═════ DATA SHOWN

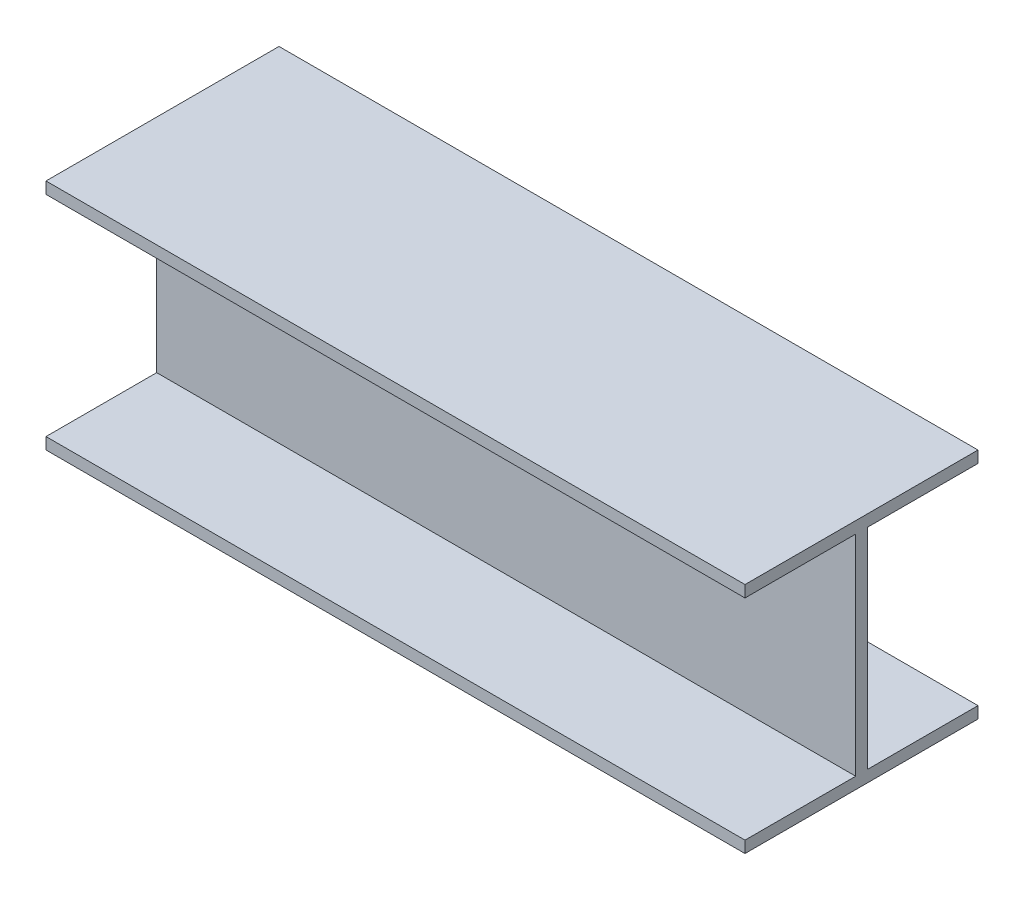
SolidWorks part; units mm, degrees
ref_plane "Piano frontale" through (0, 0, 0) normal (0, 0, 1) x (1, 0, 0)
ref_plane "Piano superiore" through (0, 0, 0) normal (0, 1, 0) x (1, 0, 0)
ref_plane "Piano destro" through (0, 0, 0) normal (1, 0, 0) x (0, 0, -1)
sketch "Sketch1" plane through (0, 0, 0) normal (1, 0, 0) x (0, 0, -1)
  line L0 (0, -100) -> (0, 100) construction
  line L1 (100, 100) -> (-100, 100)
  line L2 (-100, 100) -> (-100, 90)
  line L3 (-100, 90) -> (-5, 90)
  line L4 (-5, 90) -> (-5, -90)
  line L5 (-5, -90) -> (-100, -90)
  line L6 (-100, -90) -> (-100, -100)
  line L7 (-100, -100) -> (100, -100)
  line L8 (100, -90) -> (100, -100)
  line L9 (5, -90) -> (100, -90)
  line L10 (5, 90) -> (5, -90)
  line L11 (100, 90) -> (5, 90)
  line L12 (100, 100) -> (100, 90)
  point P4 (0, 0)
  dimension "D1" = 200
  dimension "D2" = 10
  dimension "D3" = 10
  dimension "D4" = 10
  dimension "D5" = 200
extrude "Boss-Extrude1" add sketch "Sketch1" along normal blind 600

══════════

== WHAT YOU SHOULD DO ==
Print every line of the material exactly as written, but drop the pictures.

== WRITTEN RESPONSE ==
SolidWorks part; units mm, degrees
ref_plane "Piano frontale" through (0, 0, 0) normal (0, 0, 1) x (1, 0, 0)
ref_plane "Piano superiore" through (0, 0, 0) normal (0, 1, 0) x (1, 0, 0)
ref_plane "Piano destro" through (0, 0, 0) normal (1, 0, 0) x (0, 0, -1)
sketch "Sketch1" plane through (0, 0, 0) normal (1, 0, 0) x (0, 0, -1)
  line L0 (0, -100) -> (0, 100) construction
  line L1 (100, 100) -> (-100, 100)
  line L2 (-100, 100) -> (-100, 90)
  line L3 (-100, 90) -> (-5, 90)
  line L4 (-5, 90) -> (-5, -90)
  line L5 (-5, -90) -> (-100, -90)
  line L6 (-100, -90) -> (-100, -100)
  line L7 (-100, -100) -> (100, -100)
  line L8 (100, -90) -> (100, -100)
  line L9 (5, -90) -> (100, -90)
  line L10 (5, 90) -> (5, -90)
  line L11 (100, 90) -> (5, 90)
  line L12 (100, 100) -> (100, 90)
  point P4 (0, 0)
  dimension "D1" = 200
  dimension "D2" = 10
  dimension "D3" = 10
  dimension "D4" = 10
  dimension "D5" = 200
extrude "Boss-Extrude1" add sketch "Sketch1" along normal blind 600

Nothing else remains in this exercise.